O show da cantora Ivete Sangalo marcou a abertura do Folianópolis 2007 e trouxe o clima do estado nordestino para o frio do inverno catarinense.

 

O frio da madrugada da última sexta-feira, dia 20, só foi sentido pela multidão que estava na danceteria New Time, em Santo Amaro da Imperatriz, quando a baiana Ivete Sangalo deixou o palco, depois de cerca de duas horas aquecendo corpos e corações das 15 mil pessoas presentes, segundo a assessoria do evento.
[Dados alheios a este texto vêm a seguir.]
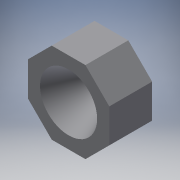
# Autodesk Inventor part: 03_Mikrolinse
Saved by Autodesk Inventor 2016 (Build 200138000, 138)
## iProperties
Created: 2016-07-31
Part Number: 03_Mikrolinse
Material: Generisch
Document SubType Name: Modeling
Designer: Bene
Density: 1 g/cm^3
Appearance: Vorgabe
Author: Bene
Autodesk Inventor part; units mm, degrees
ref_plane "YZ Plane" through (0, 0, 0) normal (1, 0, 0) x (0, 1, 0)
ref_plane "XZ Plane" through (0, 0, 0) normal (0, 1, 0) x (-1, 0, 0)
ref_plane "XY Plane" through (0, 0, 0) normal (0, 0, 1) x (1, 0, 0)
sketch "Skizze1" plane through (0, 0, 0) normal (0, 1, 0) x (-1, 0, 0)
  line L0 (4.75, 4.75) -> (-4.75, 4.75)
  line L1 (-4.75, 4.75) -> (-4.75, -4.75)
  line L2 (-4.75, -4.75) -> (4.75, -4.75)
  line L3 (4.75, -4.75) -> (4.75, 4.75)
  line L4 (4.75, 4.75) -> (-4.75, -4.75) construction
  line L5 (-4.75, 4.75) -> (4.75, -4.75) construction
  line L6 (0, 6.7175) -> (6.7175, 0)
  line L7 (6.7175, 0) -> (0, -6.7175)
  line L8 (0, -6.7175) -> (-6.7175, 0)
  line L9 (-6.7175, 0) -> (0, 6.7175)
  line L10 (0, 6.7175) -> (0, -6.7175) construction
  line L11 (6.7175, 0) -> (-6.7175, 0) construction
  point P0 (0, 0)
  point P1 (4.75, 1.9675)
  point P2 (4.75, -1.9675)
  point P3 (1.9675, -4.75)
  point P4 (-1.9675, -4.75)
  point P5 (-4.75, -1.9675)
  point P6 (-4.75, 1.9675)
  point P7 (-1.9675, 4.75)
  point P8 (1.9675, 4.75)
  dimension "d0" = 9.5
  dimension "d1" = 9.5
  dimension "d2" = 9.5
  dimension "d3" = 9.5
  constraints: 24 end point, 16 point on line, 4 midpoint, 4 parallel, 2 perpendicular, 1 horizontal
  measures "d0" distance of L2.end L1.end
  measures "d1" distance of L1.end L0.end
  measures "d2" distance of L6.start L6.end
  measures "d3" distance of L6.end L7.end
extrude "Extrusion1" add sketch "Skizze1" along normal blind 5 contours L6 L3 L7 L2 L8 L1 L9 L0
sketch "Skizze2" plane through (0, 5, 0) normal (0, 1, 0) x (1, 0, 0)
  circle A0 centre (0, 0) radius 1
  dimension "d6" = 2
  constraints: 1 centre point, 1 coincident
  measures "d6" diameter of A0
extrude "Extrusion2" cut sketch "Skizze2" against normal blind 5 draft 25

A cantora trouxe pela primeira vez à Grande Florianópolis o show do DVD gravado no estádio do Maracanã, no Rio de Janeiro.

Saí de casa e, como toda boa mãe, a minha perguntou: vai só com essa jaqueta? Eu estava de jeans e disse que estava indo ver a Ivete Sangalo, ou seja, muito calor e suor na certa, e como toda boa filha não dei bola pro conselho. Chegamos cedo à New Time, por volta das 21h40. Na área vip, para onde ganhamos as cobiçadas pulseirinhas, a festa já rolava com o som da banda Iluminatti, que variava os ritmos tocando desde axé, a grande vedete da noite, até rock nacional e internacional, com direito a Beatles.

Enquanto Ivete não subia ao palco, nos contentamos com as atrações do open bar. Fiquei na cerveja, como de hábito. Mas se a intenção de alguma das mulheres do camarote era encher o caneco com a loirinha gelada, os planos tiveram que ser mudados: além da fila para pegar bebida em um dos dois únicos bares, a espera para ir ao banheiro (ritual absolutamente necessário para os adeptos do derivado do lúpulo) era grande e... agoniante, pelo menos no lado feminino.

Entre espera para pegar bebida, para ir ao banheiro e até para conseguir caminhar, nada foi mais esperado do que o início do show principal, a princípio marcado para meia-noite e meia. Finalmente, por volta de 1h40 a baiana entrou no palco com o vozeirão - e as pernas - característicos.

Junto com o show, começou também o empurra-empurra para chegar perto do palco. Conseguimos ficar no caminho que levava à área vip, uma espécie de corredor entre o palco e a grade que separava a pista. Fui sendo levada pela massa que ia e vinha, algumas vezes pensei que seria prensada entre dois corpos e chegou a me faltar o ar, mas quando consegui um espaço onde era possível ficar em pé sem ser escorada por outros, estava bem no meio do palco. Entre seguranças, fotógrafos e "tietes da Ivete" (aqueles que vão para a pista, mas ficam coladinhos à grade da frente e já deviam estar lá desde que os portões abriram) assisti ao verdadeiro desfile de hits que a baiana apresentava. Tive vontade de dançar. Só vontade, pois os apertos - de espaço e das botas que estava calçando - não me permitiram.

Quem vai a um show de Ivete e vê a presença de palco que essa mulher tem, compreende porque ela é tão querida e arrasta tantas pessoas a seus shows. Além de conversar o tempo todo com o público e não ficar só naquele papinho clichê do tipo "essa é a platéia mais linda do Brasil" e outros blá-blá-blás, a disposição e o sorriso não desaparecem do semblante da cantora nem por um minuto.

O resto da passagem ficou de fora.